RC- I make one the weighs in at around 4.5 oz. straps into place and won't move. Available in 4 or 5 arrow.

thanks, Bigjim


----------



## BGBH (Jul 15, 2009)

Robert, if you want something real light that will hold 3 or 4 arrows I'd look at the Eagles Flight qivers....I like the Great Northern  & use it on my take downs but it might be a little heavy for a smaller framed longbow(Hill stlye ).....I've got a Great Northern around here some were I'll send ya to play with if you want to try it out.....Just let me know.....


----------



## BGBH (Jul 15, 2009)

BigJim Bow said:


> RC- I make one the weighs in at around 4.5 oz. straps into place and won't move. Available in 4 or 5 arrow for $50.
> 
> thanks, Bigjim



Sorry Jim I forgot about your's ......Ky_longbow has one of your's & say's it's the real deal.....


----------



## dutchman (Jul 15, 2009)

I have gotten used to a Selway slide on. I now have three of them on different bows. They took just a little getting used to for me, but once that happened, I noticed no changes in my bows' performance.

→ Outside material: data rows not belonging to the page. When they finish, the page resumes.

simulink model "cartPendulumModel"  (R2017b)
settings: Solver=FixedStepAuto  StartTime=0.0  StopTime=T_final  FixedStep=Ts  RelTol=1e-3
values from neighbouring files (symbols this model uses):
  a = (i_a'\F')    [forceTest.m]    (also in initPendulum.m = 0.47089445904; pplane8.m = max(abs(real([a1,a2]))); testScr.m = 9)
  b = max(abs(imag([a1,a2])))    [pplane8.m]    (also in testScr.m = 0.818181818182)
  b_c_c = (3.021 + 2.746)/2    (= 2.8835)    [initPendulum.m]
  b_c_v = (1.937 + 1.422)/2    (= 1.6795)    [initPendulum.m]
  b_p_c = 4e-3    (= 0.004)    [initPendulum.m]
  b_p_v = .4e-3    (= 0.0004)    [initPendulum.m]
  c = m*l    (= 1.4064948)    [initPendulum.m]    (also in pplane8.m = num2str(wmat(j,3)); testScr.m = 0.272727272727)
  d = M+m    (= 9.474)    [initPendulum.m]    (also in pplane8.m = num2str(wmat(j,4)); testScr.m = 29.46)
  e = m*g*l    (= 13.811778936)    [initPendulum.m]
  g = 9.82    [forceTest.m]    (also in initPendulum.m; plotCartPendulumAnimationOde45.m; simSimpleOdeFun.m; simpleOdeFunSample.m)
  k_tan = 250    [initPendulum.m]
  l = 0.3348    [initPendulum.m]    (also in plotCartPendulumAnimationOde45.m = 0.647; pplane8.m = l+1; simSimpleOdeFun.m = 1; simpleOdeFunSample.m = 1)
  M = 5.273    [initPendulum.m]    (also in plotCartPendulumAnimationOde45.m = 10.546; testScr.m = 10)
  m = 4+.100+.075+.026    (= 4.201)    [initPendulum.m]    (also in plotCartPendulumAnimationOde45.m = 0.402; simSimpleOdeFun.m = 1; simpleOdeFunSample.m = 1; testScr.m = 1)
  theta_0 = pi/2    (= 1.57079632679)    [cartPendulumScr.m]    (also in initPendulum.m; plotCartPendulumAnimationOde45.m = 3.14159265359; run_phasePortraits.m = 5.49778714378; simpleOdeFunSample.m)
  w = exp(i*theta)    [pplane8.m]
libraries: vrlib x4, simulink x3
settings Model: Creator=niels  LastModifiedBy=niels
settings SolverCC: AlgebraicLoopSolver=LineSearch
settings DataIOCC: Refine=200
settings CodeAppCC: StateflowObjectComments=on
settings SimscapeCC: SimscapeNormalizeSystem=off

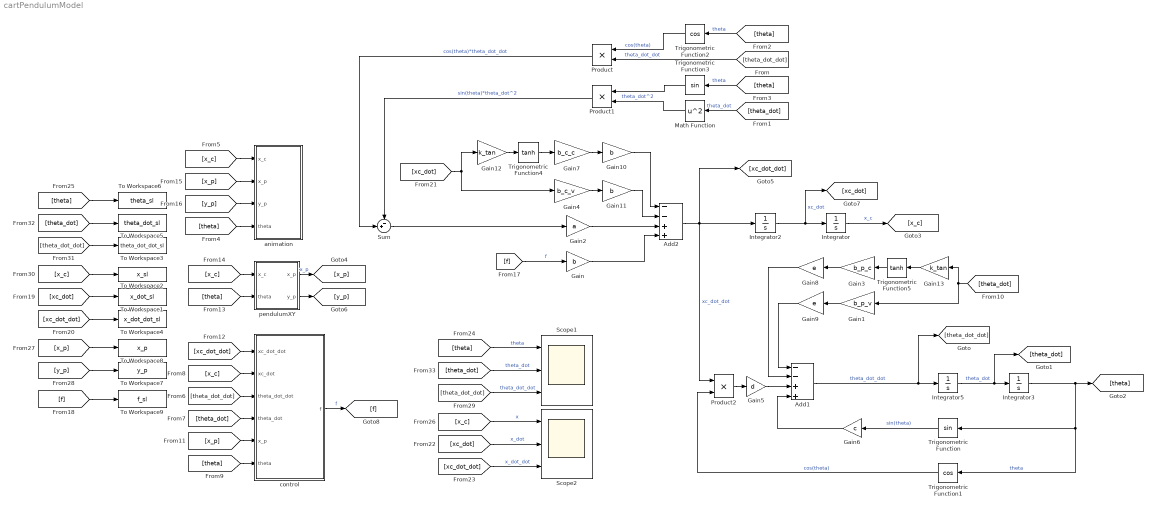
== system cartPendulumModel ==
  Add1 : Sum  Inputs=--++
  Add2 : Sum  Inputs=--++
  Gain : Gain  Gain=b
  Gain1 : Gain  Gain=b_p_v
  Gain10 : Gain  Gain=b
  Gain11 : Gain  Gain=b
  Gain12 : Gain  Gain=k_tan
  Gain13 : Gain  Gain=k_tan
  Gain2 : Gain  Gain=a
  Gain3 : Gain  Gain=b_p_c
  Gain4 : Gain  Gain=b_c_v
  Gain5 : Gain  Gain=d
  Gain6 : Gain  Gain=c
  Gain7 : Gain  Gain=b_c_c
  Gain8 : Gain  Gain=e
  Gain9 : Gain  Gain=e
  Integrator : Integrator
  Integrator2 : Integrator
  Integrator3 : Integrator  InitialCondition=theta_0
  Integrator5 : Integrator
  Math Function : Math  Operator=square  SaturateOnIntegerOverflow=on
  Product : Product
  Product1 : Product
  Product2 : Product
  Scope1 : Scope  NumInputPorts=3
  Scope2 : Scope  NumInputPorts=3
  Sum : Sum  Inputs=-+|
  To Workspace1 : ToWorkspace  VariableName=x_dot_sl  SaveFormat=Timeseries  SampleTime=-1
  To Workspace2 : ToWorkspace  VariableName=x_sl  SaveFormat=Timeseries  SampleTime=-1
  To Workspace3 : ToWorkspace  VariableName=theta_dot_dot_sl  SaveFormat=Timeseries  SampleTime=-1
  To Workspace4 : ToWorkspace  VariableName=x_dot_dot_sl  SaveFormat=Timeseries  SampleTime=-1
  To Workspace5 : ToWorkspace  VariableName=theta_dot_sl  SaveFormat=Timeseries  SampleTime=-1
  To Workspace6 : ToWorkspace  VariableName=theta_sl  SaveFormat=Timeseries  SampleTime=-1
  To Workspace7 : ToWorkspace  VariableName=y_p  SaveFormat=Timeseries  SampleTime=-1
  To Workspace8 : ToWorkspace  VariableName=x_p  SaveFormat=Timeseries  SampleTime=-1
  To Workspace9 : ToWorkspace  VariableName=f_sl  SaveFormat=Timeseries  SampleTime=-1
  Trigonometric Function : Trigonometry
  Trigonometric Function1 : Trigonometry  Operator=cos
  Trigonometric Function2 : Trigonometry  Operator=cos
  Trigonometric Function3 : Trigonometry
  Trigonometric Function4 : Trigonometry  Operator=tanh
  Trigonometric Function5 : Trigonometry  Operator=tanh
  animation : Subsystem
  control : Subsystem
  pendulumXY : Subsystem
  wires:
  Sum/1 -> Gain2/1
  Integrator2/1 -> [xc_dot], Integrator/1  "xc_dot"
  Add2/1 -> Product2/1, Integrator2/1, [xc_dot_dot]  "xc_dot_dot"
  Integrator5/1 -> [theta_dot], Integrator3/1  "theta_dot"
  Integrator/1 -> [x_c]  "x_c"
  Integrator3/1 -> Trigonometric Function/1, Trigonometric Function1/1, [theta]  "theta"
  Math Function/1 -> Product1/2  "theta_dot^2"
  Trigonometric Function/1 -> Gain6/1  "sin(theta)"
  Product1/1 -> Sum/1  "sin(theta)*theta_dot^2"
  Product/1 -> Sum/2  "cos(theta)*theta_dot_dot"
  Gain6/1 -> Add1/4
  Product2/1 -> Gain5/1
  Trigonometric Function1/1 -> Product2/2  "cos(theta)"
  Trigonometric Function2/1 -> Product/1  "cos(theta)"
  Trigonometric Function3/1 -> Product1/1
  pendulumXY/1(x_p) -> [x_p]  "x_p"
  control/1(f) -> [f]  "f"
  [theta_dot_dot] -> Product/2  "theta_dot_dot"
  [theta] -> Trigonometric Function2/1  "theta"
  [theta] -> Trigonometric Function3/1  "theta"
  [theta_dot] -> Math Function/1  "theta_dot"
  [theta] -> animation/4(theta)
  [x_c] -> animation/1(x_c)
  [theta_dot_dot] -> control/3(theta_dot_dot)
  [theta_dot] -> control/4(theta_dot)
  [x_c] -> control/2(xc_dot)
  [theta] -> control/6(theta)
  [x_p] -> control/5(x_p)
  [xc_dot_dot] -> control/1(xc_dot_dot)
  [theta] -> pendulumXY/2(theta)
  [x_c] -> pendulumXY/1(x_c)
  [x_p] -> animation/2(x_p)
  pendulumXY/2(y_p) -> [y_p]
  [y_p] -> animation/3(y_p)
  [f] -> Gain/1  "f"
  [theta] -> To Workspace6/1
  [theta_dot] -> To Workspace5/1
  [theta_dot_dot] -> To Workspace3/1
  [x_c] -> To Workspace2/1
  [xc_dot] -> To Workspace1/1
  [xc_dot_dot] -> To Workspace4/1
  [x_p] -> To Workspace8/1
  [y_p] -> To Workspace7/1
  [f] -> To Workspace9/1
  Gain3/1 -> Gain8/1
  Gain1/1 -> Gain9/1
  [theta_dot] -> Gain13/1, Gain1/1
  Gain9/1 -> Add1/1
  Gain7/1 -> Gain10/1
  Gain4/1 -> Gain11/1
  Gain/1 -> Add2/4
  Add1/1 -> [theta_dot_dot], Integrator5/1  "theta_dot_dot"
  Trigonometric Function4/1 -> Gain7/1
  Trigonometric Function5/1 -> Gain3/1
  Gain13/1 -> Trigonometric Function5/1
  [xc_dot] -> Gain12/1, Gain4/1
  Gain8/1 -> Add1/2
  Gain2/1 -> Add2/3
  Gain11/1 -> Add2/2
  Gain10/1 -> Add2/1
  Gain12/1 -> Trigonometric Function4/1
  Gain5/1 -> Add1/3
  [theta] -> Scope1/1  "theta"
  [x_c] -> Scope2/1  "x"
  [xc_dot] -> Scope2/2  "x_dot"
  [xc_dot_dot] -> Scope2/3  "x_dot_dot"
  [theta_dot_dot] -> Scope1/3  "theta_dot_dot"
  [theta_dot] -> Scope1/2  "theta_dot"

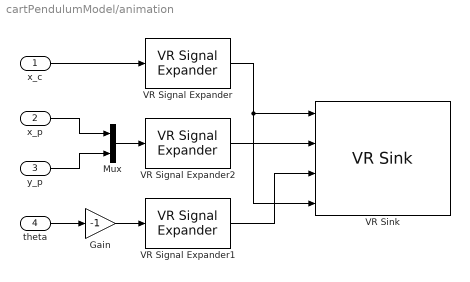
== system cartPendulumModel/animation ==
  x_c : Inport
  x_p : Inport  Port=2
  y_p : Inport  Port=3
  theta : Inport  Port=4
  Gain : Gain  Gain=-1
  Mux : Mux  Inputs=2
  VR Signal Expander : vrlib/VR Signal Expander  outwidth=3  outidx=[1]
      settings: SourceProductName=Simulink 3D Animation  SourceProductBaseCode=VR
  VR Signal Expander1 : vrlib/VR Signal Expander  outwidth=4  outidx=[4]
      settings: SourceProductName=Simulink 3D Animation  SourceProductBaseCode=VR
  VR Signal Expander2 : vrlib/VR Signal Expander  outwidth=3  outidx=[1 2]
      settings: SourceProductName=Simulink 3D Animation  SourceProductBaseCode=VR
  VR Sink : vrlib/VR Sink  InstantiateOnLoad=on  SampleTime=0.01  ViewEnable=on  RemoteChange=off  RemoteView=off  FieldsWritten=cart.translation.3.1.1.double#pendulumMass.translation.3.1.1.double#rod.rotation.4.1.1.double#rod.translation.3.1.1.double  WorldFileName=cartPendulum3D  AutoView=off  VideoDimensions=[]  AllowVariableSize=off
      settings: SourceProductBaseCode=VR
  wires:
  y_p/1 -> Mux/2
  x_c/1 -> VR Signal Expander/1
  x_p/1 -> Mux/1
  theta/1 -> Gain/1
  Mux/1 -> VR Signal Expander2/1
  VR Signal Expander1/1 -> VR Sink/3
  VR Signal Expander/1 -> VR Sink/4, VR Sink/1
  VR Signal Expander2/1 -> VR Sink/2
  Gain/1 -> VR Signal Expander1/1

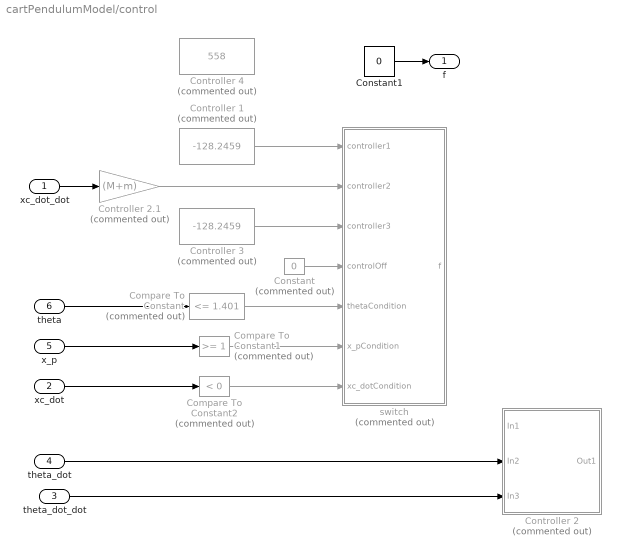
== system cartPendulumModel/control ==
  xc_dot_dot : Inport
  xc_dot : Inport  Port=2
  theta_dot_dot : Inport  Port=3
  theta_dot : Inport  Port=4
  x_p : Inport  Port=5
  theta : Inport  Port=6
  Compare To Constant : simulink/Logic and Bit Operations/Compare To Constant  Commented=on  relop=<=  const=1.401  OutDataTypeStr=boolean
  Compare To Constant1 : simulink/Logic and Bit Operations/Compare To Constant  Commented=on  relop=>=  const=1  OutDataTypeStr=boolean
  Compare To Constant2 : simulink/Logic and Bit Operations/Compare To Constant  Commented=on  relop=<  const=0  OutDataTypeStr=boolean
  Constant : Constant  Commented=on  Value=0
  Constant1 : Constant  Value=0
  Controller 1 : Constant  Commented=on  Value=-128.2459
  Controller 2 : Subsystem  Commented=on
  Controller 2.1 : Gain  Commented=on  Gain=(M+m)
  Controller 3 : Constant  Commented=on  Value=-128.2459
  Controller 4 : Constant  Commented=on  Value=558
  switch : Subsystem  Commented=on
  f : Outport
  wires:
  theta_dot/1 -> Controller 2/2(In2)
  theta/1 -> Compare To Constant/1
  theta_dot_dot/1 -> Controller 2/3(In3)
  x_p/1 -> Compare To Constant1/1
  xc_dot/1 -> Compare To Constant2/1
  xc_dot_dot/1 -> Controller 2.1/1
  Compare To Constant1/1 -> switch/6(x_pCondition)
  Compare To Constant/1 -> switch/5(thetaCondition)
  Controller 1/1 -> switch/1(controller1)
  Controller 3/1 -> switch/3(controller3)
  Compare To Constant2/1 -> switch/7(xc_dotCondition)
  Constant/1 -> switch/4(controlOff)
  Controller 2.1/1 -> switch/2(controller2)
  Constant1/1 -> f/1

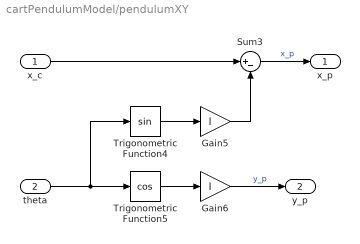
== system cartPendulumModel/pendulumXY ==
  x_c : Inport
  theta : Inport  Port=2
  Gain5 : Gain  Gain=l
  Gain6 : Gain  Gain=l
  Sum3 : Sum  Inputs=|+-
  Trigonometric Function4 : Trigonometry
  Trigonometric Function5 : Trigonometry  Operator=cos
  x_p : Outport
  y_p : Outport  Port=2
  wires:
  x_c/1 -> Sum3/1
  theta/1 -> Trigonometric Function4/1, Trigonometric Function5/1
  Trigonometric Function4/1 -> Gain5/1
  Trigonometric Function5/1 -> Gain6/1
  Gain5/1 -> Sum3/2
  Sum3/1 -> x_p/1  "x_p"
  Gain6/1 -> y_p/1  "y_p"

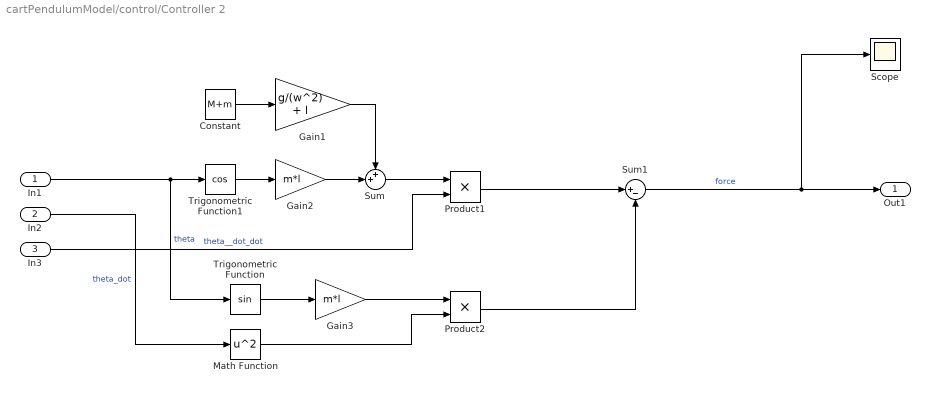
== system cartPendulumModel/control/Controller 2 ==
  In1 : Inport
  In2 : Inport  Port=2
  In3 : Inport  Port=3
  Constant : Constant  Value=M+m
  Gain1 : Gain  Gain=g/(w^2) + l
  Gain2 : Gain  Gain=m*l
  Gain3 : Gain  Gain=m*l
  Math Function : Math  Operator=square  SaturateOnIntegerOverflow=on
  Product1 : Product
  Product2 : Product
  Scope : Scope
  Sum : Sum  Inputs=++|
  Sum1 : Sum  Inputs=|+-
  Trigonometric Function : Trigonometry
  Trigonometric Function1 : Trigonometry  Operator=cos
  Out1 : Outport
  wires:
  In3/1 -> Product1/2  "theta__dot_dot"
  In1/1 -> Trigonometric Function/1, Trigonometric Function1/1  "theta"
  Trigonometric Function1/1 -> Gain2/1
  Gain2/1 -> Sum/2
  Constant/1 -> Gain1/1
  Gain1/1 -> Sum/1
  Sum/1 -> Product1/1
  In2/1 -> Math Function/1  "theta_dot"
  Trigonometric Function/1 -> Gain3/1
  Gain3/1 -> Product2/1
  Math Function/1 -> Product2/2
  Product2/1 -> Sum1/2
  Sum1/1 -> Out1/1, Scope/1  "force"
  Product1/1 -> Sum1/1

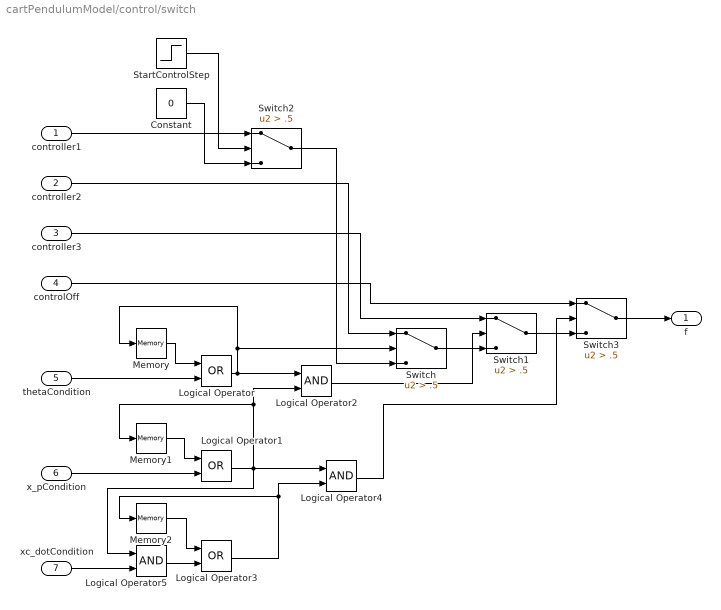
== system cartPendulumModel/control/switch ==
  controller1 : Inport
  controller2 : Inport  Port=2
  controller3 : Inport  Port=3
  controlOff : Inport  Port=4
  thetaCondition : Inport  Port=5
  x_pCondition : Inport  Port=6
  xc_dotCondition : Inport  Port=7
  Constant : Constant  Value=0
  Logical Operator : Logic  Operator=OR  AllPortsSameDT=off  OutDataTypeStr=boolean
  Logical Operator1 : Logic  Operator=OR  AllPortsSameDT=off  OutDataTypeStr=boolean
  Logical Operator2 : Logic  AllPortsSameDT=off  OutDataTypeStr=boolean
  Logical Operator3 : Logic  Operator=OR  AllPortsSameDT=off  OutDataTypeStr=boolean
  Logical Operator4 : Logic  AllPortsSameDT=off  OutDataTypeStr=boolean
  Logical Operator5 : Logic  AllPortsSameDT=off  OutDataTypeStr=boolean
  Memory : Memory
  Memory1 : Memory
  Memory2 : Memory
  StartControlStep : Step  Time=0.0001  SampleTime=0
  Switch{,1..3} (4 alike) : Switch  Criteria=u2 > Threshold  Threshold=.5
  f : Outport
  wires:
  thetaCondition/1 -> Logical Operator/2
  Memory/1 -> Logical Operator/1
  Switch/1 -> Switch1/3
  controller3/1 -> Switch1/1
  Memory1/1 -> Logical Operator1/1
  x_pCondition/1 -> Logical Operator1/2
  Logical Operator1/1 -> Logical Operator5/1, Logical Operator4/1, Logical Operator2/2, Memory1/1
  Logical Operator2/1 -> Switch1/2
  controller2/1 -> Switch/1
  Logical Operator/1 -> Memory/1, Switch/2, Logical Operator2/1
  StartControlStep/1 -> Switch2/2
  Constant/1 -> Switch2/3
  controller1/1 -> Switch2/1
  Switch2/1 -> Switch/3
  Logical Operator3/1 -> Logical Operator4/2, Memory2/1
  Memory2/1 -> Logical Operator3/1
  Switch1/1 -> Switch3/3
  Switch3/1 -> f/1
  controlOff/1 -> Switch3/1
  Logical Operator4/1 -> Switch3/2
  Logical Operator5/1 -> Logical Operator3/2
  xc_dotCondition/1 -> Logical Operator5/2
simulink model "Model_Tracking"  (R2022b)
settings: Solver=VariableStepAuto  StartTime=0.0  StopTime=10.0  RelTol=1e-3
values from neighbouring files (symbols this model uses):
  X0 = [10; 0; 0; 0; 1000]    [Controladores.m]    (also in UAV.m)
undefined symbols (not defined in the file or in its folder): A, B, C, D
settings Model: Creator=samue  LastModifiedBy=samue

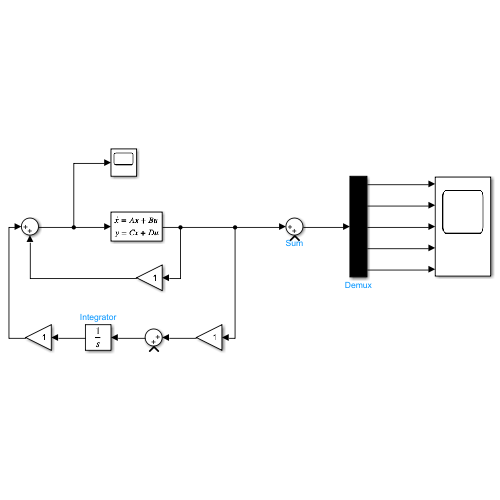
[thumbnail: Simulink's stored preview of the top-level diagram]
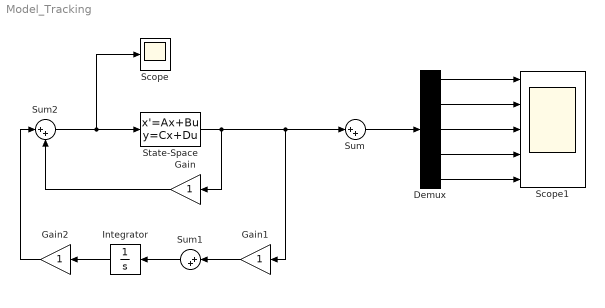
== system Model_Tracking ==
  Demux : Demux  Outputs=5
  Gain : Gain
  Gain1 : Gain
  Gain2 : Gain
  Integrator : Integrator
  Scope : Scope
  Scope1 : Scope  NumInputPorts=5
  State-Space : StateSpace  A=A  B=B  C=C  D=D  InitialCondition=X0  ParameterTunability=Unconstrained
  Sum : Sum  Inputs=|++
  Sum1 : Sum  Inputs=|++
  Sum2 : Sum  Inputs=|++
  wires:
  Sum/1 -> Demux/1
  State-Space/1 -> Gain/1, Gain1/1, Sum/1
  Sum2/1 -> State-Space/1, Scope/1
  Gain2/1 -> Sum2/1
  Gain/1 -> Sum2/2
  Integrator/1 -> Gain2/1
  Sum1/1 -> Integrator/1
  Gain1/1 -> Sum1/1
  Demux/1 -> Scope1/1
  Demux/2 -> Scope1/2
  Demux/3 -> Scope1/3
  Demux/4 -> Scope1/4
  Demux/5 -> Scope1/5

As for the $50 cap, I bought all of mine second hand on TradGang and Ebay. I think the most I spent was $55 or $60 on any one of 'em. Replacement foam inserts for 'em are about $5 from 3Rivers.


----------



## Jeff Kitchens (Jul 15, 2009)

I really like the one Big Jim makes.  I got one at the TBG State shoot and it is light and stays put on the longbow I have it on.


----------



## Jeff Kitchens (Jul 15, 2009)

Big Jim  might have to come by and check out the 5 arrow one you are making now.


----------



## Apex Predator (Jul 15, 2009)

I'm like you Robert.  I hate a bow quiver, but when you throw a tree stand into the carrying mix, a bow quiver makes the most since.  I have been playing with my Eagles Flight four arrow model and I like it a lot, but it is hard to get my four flecthed arrows not touching at the feathers.  It makes an irritating, deer ducking rattle.  I'm gonna go check out Big Jim's model.


----------



## Dennis (Jul 15, 2009)

From what ive seen the quiver Big Jim makes is the best all around bow quiver. Its light and tough and well made and im going to get one soon you need to check them out


----------



## Jake Allen (Jul 15, 2009)

Another nod for the Big Jim quiver.
It is light, quiet, holds the arrows tight and is easy to take on and off the bow.
I have hunted with a Thunderhorn Boa, Selway Slide On, and a Great Northern Strap style and prefer the  design and performance of the attachment system on Jim's quivers. 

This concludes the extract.